We all know that stocks have been on an absolute tear lately (that’s the reason I’m smarter than a Nobel Prize winner). In fact, if you look at 11 months since Donald Trump was elected, stocks are up about 20%.
On election night the S&P 500 was at 2140 and now it’s at 2550. It’s blown through major milestones like 2200, 2300, 2400, and a few weeks ago 2500; all in fairly short order. If you are fully invested you’re loving it and obsessively looking at your spreadsheet to see how your net worth is climbing (okay, maybe that’s just me).
If you aren’t invested, this is a definite missed opportunity. There are a couple ways you can go with that:
- Just don’t invest because you feel you missed the boat already.
- Go all in now to not miss any more.
- Hold off to wait for the market to fall again, and then invest on the dip.
As you can probably guess, I think #1 is a bad idea and I would recommend #2. However, what about #3?
Waiting for the downturn
We all know that stocks have been on an unrelenting upward path. The S&P 500 started at 17 in 1950. Today it is over 2500. Of course, it’s never a smooth path. You’ve had bumper years like this one, really since 2008, all of the 1980s and 1990s, etc.
You’ve also had your downturns. Some have been long grinds like the 1970s while others have been sharp like the Great Recession. However, even with those, we’ve definitely done well. That said, if you missed out on a good run, should you just wait for the next downturn to get back in?
First, I believe that it’s impossible to time that well. But let’s say your crystal ball is working really well. How often will stocks fall back so you can get back in at the lower levels you missed before?
I looked back at the S&P 500 since it started in 1950, and I looked at all the major milestones for the index. On January 1, 1950 it started at 16.66, so the first major milestone was 20. It passed that level in Oct 1950 and it never looked back. Never again did you as an investor have a chance to get in at 20*.
Same story for milestones 30, 40, and 50. In the 1950s the stock market did its relentless march, and every time it passed those levels they were never seen again.
It was a different story in the late 1960s and early 1970s. A MAJOR milestone was hit in June 1968—100 on the S&P 500. You could imagine this was accompanied by the usual fanfare of surpassing such a level. The 1970s proved a lousy time for stocks, and the S&P 500 had major moves above and below 100 eleven times. That’s a lot. It wasn’t until the Reagan bull market of the 1980s that the stock market broke the trend.
For milestones 150, 200, 400, and 500 there were no pull backs (300 had a pullback thanks to the crazy one-day plunge in 1987). So again, just like the 1950s, the 1980s and 1990s had a stock market that just blazed through, and if you missed it you missed the boat. Never again would those levels be seen again.
Since the 2000s we’ve crossed four major milestones—1000, 1500, 2000, and most recently 2500. All of those were revisited, mostly due to the Great Recession where the S&P fell from about 1565 all the way down to 670.

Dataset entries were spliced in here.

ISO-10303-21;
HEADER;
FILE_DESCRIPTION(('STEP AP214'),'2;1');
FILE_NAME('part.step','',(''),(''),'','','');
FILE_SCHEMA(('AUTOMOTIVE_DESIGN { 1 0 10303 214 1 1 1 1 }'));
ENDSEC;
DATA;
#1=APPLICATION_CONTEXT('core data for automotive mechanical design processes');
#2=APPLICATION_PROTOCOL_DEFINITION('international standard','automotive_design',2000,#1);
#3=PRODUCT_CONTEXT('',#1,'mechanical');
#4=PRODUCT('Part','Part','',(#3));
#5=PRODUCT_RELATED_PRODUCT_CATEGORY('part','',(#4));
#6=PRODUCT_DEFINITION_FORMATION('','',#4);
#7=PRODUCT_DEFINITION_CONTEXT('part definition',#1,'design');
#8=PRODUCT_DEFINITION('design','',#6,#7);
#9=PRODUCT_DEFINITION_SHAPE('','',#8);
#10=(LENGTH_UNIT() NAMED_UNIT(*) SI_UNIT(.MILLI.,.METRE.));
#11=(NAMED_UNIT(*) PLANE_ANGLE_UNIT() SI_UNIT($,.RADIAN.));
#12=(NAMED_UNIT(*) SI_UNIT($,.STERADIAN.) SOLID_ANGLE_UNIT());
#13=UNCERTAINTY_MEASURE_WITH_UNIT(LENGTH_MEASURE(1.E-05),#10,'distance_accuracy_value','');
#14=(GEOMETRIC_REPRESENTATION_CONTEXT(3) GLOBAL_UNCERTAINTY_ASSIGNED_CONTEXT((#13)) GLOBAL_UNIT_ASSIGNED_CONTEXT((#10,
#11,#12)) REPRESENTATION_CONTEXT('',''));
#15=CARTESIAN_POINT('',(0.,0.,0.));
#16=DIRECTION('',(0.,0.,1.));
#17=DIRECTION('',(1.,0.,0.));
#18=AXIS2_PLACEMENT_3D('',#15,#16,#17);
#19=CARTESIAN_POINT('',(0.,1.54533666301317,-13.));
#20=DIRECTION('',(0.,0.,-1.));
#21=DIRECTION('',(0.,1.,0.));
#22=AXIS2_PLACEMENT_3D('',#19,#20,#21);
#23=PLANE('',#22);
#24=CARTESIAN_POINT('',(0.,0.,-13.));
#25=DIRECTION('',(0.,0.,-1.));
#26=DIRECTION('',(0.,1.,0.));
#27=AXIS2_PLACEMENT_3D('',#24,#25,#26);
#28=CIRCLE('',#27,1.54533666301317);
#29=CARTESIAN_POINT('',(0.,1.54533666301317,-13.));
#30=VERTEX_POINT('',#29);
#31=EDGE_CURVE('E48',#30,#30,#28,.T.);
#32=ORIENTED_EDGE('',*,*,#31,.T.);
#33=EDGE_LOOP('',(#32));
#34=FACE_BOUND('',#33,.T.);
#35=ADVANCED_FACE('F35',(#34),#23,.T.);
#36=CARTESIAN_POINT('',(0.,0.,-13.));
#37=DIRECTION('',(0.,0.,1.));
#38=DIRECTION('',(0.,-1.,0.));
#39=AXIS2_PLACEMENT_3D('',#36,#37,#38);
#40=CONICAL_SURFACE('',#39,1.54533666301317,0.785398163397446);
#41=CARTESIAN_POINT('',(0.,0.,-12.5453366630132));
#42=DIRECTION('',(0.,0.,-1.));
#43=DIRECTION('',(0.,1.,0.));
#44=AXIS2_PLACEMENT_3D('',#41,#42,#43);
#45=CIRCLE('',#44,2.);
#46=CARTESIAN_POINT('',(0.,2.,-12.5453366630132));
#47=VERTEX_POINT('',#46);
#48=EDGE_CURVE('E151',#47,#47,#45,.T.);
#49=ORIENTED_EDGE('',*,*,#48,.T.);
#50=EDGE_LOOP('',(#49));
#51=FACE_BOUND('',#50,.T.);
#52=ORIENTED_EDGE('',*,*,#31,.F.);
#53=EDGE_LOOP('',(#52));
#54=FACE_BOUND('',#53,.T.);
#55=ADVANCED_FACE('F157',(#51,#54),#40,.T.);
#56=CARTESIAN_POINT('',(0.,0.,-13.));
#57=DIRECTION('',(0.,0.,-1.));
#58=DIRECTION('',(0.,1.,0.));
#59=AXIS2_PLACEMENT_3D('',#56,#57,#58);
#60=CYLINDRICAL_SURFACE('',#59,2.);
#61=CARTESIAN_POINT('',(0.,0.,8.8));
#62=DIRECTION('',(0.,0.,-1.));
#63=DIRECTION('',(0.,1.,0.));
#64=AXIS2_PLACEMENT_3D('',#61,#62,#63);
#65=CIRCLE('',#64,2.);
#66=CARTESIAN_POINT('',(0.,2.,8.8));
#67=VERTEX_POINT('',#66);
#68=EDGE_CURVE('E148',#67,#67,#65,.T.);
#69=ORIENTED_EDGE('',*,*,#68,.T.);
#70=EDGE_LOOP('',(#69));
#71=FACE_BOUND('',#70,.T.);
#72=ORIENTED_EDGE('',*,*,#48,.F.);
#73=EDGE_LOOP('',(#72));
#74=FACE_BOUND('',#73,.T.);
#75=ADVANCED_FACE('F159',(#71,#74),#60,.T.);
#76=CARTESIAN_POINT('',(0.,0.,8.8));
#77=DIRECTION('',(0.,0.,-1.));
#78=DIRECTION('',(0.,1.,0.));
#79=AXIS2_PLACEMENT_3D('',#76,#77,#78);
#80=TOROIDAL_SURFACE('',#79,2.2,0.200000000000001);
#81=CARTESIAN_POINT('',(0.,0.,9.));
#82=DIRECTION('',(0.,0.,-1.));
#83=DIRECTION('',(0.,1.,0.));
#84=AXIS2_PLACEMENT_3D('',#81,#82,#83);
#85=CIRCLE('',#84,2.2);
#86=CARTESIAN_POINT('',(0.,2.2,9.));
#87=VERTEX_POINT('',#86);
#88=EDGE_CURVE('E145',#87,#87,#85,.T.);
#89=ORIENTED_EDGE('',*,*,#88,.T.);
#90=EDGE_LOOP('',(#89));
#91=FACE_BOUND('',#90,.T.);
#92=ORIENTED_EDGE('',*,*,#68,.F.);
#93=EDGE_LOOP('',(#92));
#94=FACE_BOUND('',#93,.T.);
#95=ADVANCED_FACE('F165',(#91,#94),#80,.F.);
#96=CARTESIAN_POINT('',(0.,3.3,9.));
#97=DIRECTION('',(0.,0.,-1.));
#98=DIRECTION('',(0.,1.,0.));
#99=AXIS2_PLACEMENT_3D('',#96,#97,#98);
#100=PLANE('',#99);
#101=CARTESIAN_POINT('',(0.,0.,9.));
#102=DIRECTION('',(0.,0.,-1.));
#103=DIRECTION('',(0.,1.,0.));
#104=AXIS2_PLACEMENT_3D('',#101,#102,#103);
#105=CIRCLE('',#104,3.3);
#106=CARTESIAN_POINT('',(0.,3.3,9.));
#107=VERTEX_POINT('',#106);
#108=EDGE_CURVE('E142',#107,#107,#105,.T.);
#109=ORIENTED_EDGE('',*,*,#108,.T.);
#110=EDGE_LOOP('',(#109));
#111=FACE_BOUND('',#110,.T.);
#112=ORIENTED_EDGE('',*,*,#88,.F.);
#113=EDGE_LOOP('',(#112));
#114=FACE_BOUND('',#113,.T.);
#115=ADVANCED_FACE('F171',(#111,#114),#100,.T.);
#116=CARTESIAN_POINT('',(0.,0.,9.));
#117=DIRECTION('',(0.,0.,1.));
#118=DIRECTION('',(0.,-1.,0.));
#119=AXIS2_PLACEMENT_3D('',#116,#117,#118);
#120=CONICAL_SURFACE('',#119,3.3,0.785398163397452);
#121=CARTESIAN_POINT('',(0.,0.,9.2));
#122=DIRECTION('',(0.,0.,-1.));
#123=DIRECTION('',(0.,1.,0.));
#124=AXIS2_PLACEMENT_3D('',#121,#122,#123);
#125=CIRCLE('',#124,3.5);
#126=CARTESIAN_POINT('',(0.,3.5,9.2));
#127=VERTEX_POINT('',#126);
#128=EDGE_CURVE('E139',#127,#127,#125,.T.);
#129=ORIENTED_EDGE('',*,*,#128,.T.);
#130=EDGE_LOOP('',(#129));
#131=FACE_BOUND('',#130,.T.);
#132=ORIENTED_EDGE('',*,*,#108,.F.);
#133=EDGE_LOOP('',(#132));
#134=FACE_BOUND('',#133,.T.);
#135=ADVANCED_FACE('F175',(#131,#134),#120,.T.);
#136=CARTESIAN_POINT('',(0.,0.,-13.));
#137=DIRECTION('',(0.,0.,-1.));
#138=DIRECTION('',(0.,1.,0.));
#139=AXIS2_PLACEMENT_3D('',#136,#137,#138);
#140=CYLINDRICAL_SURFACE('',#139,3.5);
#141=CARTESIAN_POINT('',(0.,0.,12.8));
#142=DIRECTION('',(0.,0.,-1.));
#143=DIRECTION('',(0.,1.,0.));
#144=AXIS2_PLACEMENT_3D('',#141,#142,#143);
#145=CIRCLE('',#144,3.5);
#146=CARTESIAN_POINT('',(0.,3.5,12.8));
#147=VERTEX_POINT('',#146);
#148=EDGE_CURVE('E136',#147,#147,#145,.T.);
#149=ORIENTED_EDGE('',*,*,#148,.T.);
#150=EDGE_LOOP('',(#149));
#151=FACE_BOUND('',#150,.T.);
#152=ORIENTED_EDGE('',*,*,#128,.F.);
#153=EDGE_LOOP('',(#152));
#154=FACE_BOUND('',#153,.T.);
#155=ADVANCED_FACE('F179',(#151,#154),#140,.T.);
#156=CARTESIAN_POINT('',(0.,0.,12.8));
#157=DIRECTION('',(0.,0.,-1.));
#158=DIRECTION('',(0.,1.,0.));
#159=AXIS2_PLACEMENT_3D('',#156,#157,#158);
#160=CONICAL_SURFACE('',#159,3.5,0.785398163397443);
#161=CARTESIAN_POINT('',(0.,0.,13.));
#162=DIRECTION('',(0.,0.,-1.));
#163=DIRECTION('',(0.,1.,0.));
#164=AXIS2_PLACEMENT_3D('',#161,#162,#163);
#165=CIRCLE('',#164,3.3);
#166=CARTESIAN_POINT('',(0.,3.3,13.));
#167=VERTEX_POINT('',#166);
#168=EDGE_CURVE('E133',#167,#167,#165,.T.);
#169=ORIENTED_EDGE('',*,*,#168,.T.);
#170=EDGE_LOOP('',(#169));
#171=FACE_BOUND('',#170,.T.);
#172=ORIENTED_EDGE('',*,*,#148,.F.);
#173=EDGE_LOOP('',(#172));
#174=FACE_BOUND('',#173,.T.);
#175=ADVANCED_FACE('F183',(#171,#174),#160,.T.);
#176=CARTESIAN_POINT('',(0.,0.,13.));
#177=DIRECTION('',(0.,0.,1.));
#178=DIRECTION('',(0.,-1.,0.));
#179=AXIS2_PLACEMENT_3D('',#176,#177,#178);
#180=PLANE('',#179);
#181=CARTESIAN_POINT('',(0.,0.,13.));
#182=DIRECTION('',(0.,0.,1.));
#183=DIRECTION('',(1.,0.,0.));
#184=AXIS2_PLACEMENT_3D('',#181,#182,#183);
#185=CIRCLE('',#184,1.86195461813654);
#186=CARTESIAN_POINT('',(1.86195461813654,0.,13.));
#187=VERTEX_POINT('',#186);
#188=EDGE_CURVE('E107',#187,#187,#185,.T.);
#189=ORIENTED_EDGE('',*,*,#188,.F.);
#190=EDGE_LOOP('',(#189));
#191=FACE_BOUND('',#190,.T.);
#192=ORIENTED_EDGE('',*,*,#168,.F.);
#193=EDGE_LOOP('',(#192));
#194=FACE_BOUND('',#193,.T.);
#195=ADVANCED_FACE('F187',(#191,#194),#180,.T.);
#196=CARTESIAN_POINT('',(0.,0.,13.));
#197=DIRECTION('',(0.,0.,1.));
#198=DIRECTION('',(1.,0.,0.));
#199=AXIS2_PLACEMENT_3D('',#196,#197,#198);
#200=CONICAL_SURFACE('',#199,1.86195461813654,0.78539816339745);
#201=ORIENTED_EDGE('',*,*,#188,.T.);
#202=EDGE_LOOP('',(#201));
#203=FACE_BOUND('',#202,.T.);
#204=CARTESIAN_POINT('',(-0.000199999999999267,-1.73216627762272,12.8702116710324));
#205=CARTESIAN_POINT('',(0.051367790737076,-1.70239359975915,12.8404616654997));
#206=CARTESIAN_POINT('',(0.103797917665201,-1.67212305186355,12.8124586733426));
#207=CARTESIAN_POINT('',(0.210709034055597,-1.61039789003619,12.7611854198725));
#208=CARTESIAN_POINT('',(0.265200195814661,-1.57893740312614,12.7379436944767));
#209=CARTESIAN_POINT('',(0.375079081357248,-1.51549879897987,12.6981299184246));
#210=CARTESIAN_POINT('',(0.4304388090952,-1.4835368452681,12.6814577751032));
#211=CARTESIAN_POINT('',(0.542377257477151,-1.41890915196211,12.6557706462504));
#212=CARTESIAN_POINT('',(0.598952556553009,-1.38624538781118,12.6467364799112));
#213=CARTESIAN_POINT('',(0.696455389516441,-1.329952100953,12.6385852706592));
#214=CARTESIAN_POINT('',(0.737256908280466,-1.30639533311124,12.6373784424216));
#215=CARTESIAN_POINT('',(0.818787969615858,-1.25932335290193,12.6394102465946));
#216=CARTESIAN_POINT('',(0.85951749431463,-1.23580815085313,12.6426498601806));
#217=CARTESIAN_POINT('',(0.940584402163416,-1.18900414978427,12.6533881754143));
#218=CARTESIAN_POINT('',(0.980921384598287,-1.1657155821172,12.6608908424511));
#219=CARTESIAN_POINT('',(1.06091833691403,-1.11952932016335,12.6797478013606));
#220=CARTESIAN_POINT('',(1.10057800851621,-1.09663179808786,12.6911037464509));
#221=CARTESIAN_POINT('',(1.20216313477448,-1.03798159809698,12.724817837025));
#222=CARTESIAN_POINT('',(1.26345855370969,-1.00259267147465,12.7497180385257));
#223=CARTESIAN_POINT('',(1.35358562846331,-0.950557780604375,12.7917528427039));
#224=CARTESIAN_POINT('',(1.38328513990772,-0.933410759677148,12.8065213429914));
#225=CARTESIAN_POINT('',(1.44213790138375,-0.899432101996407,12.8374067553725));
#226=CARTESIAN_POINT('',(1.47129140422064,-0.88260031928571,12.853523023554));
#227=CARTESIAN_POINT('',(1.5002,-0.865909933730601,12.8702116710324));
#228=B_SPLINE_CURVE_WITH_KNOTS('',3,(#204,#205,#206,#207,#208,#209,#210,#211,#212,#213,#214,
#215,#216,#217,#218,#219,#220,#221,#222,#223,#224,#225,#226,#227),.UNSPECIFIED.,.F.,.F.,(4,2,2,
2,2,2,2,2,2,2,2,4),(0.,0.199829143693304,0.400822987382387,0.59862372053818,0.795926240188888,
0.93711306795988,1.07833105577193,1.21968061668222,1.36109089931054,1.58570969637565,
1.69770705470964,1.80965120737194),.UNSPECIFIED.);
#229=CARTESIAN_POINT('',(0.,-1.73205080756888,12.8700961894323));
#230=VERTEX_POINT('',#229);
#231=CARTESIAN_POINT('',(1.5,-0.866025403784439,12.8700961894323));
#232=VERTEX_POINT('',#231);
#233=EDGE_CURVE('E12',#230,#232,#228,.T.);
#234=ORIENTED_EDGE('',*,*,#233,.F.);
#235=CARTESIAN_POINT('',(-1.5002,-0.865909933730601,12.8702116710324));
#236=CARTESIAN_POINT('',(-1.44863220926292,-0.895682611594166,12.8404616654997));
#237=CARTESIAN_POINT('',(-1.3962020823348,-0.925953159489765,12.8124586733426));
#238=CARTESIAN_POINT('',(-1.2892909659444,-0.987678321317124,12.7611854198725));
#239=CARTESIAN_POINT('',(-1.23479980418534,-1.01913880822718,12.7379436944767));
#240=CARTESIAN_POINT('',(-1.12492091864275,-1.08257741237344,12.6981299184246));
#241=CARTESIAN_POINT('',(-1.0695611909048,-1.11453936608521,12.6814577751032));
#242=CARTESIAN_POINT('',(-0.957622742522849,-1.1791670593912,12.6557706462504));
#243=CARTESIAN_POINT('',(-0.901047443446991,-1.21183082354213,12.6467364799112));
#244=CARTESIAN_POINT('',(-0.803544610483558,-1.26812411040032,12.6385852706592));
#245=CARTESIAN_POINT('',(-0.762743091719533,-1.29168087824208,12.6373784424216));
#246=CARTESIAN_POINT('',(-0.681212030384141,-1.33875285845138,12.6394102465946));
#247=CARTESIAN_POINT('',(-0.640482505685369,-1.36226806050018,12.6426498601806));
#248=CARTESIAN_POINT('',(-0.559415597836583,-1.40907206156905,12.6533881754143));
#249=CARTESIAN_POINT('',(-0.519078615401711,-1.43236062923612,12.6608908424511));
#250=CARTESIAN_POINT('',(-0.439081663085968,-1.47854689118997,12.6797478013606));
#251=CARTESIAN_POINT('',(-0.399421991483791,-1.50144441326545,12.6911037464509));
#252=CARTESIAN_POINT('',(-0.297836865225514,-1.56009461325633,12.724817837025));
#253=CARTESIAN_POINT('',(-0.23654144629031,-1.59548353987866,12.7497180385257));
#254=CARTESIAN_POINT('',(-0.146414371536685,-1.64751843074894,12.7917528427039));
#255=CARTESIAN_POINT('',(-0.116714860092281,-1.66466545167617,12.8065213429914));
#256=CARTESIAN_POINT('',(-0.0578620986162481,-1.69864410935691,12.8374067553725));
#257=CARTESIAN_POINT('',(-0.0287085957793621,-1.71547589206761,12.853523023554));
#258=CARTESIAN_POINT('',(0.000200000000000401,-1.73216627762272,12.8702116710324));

Since the Great Recession, the market has been blazing, but it’s been crazy in the process. The market cleared 2000 in August 2014, but has gone through some brief downturns with fast recoveries like January 2016. I think more recently we’ve experienced greater volatility in the market, so revisiting might be more common.
That was a gripping history lesson, but what does that mean we should be doing now? Overall, I think the data shows that stocks always go up. Sure there will be bumps, but if you invest now, the data shows that, at least based on history, you’ll make money.
On the other hand, despite this crazy good bear market recent years, there have been revisits of these levels. Are we going to see the S&P 500 at 2000 again? Maybe. Based on recent history, I wouldn’t be surprised. However, I certainly wouldn’t bet on it. I mean that in the literal sense—I wouldn’t wait to invest my money until I saw a market downturn. I think it more likely things will keep cranking along and 10 years from now we’ll remember the good ole days when the S&P was at 2500 the same way we think about $0.10 hamburgers from McDonald’s.
You might have missed this boat, but you don’t want to be on the sidelines when the next boat (S&P 500 at 3000) comes around and miss that one too.
* I defined “revisited” is going under the milestone at least 100 days after it passed it. This is to keep from counting times when it gyrates above and below the milestone over the short term. For this we wanted to look at times where the market was comfortably above the milestone and then at a later time period fell below it.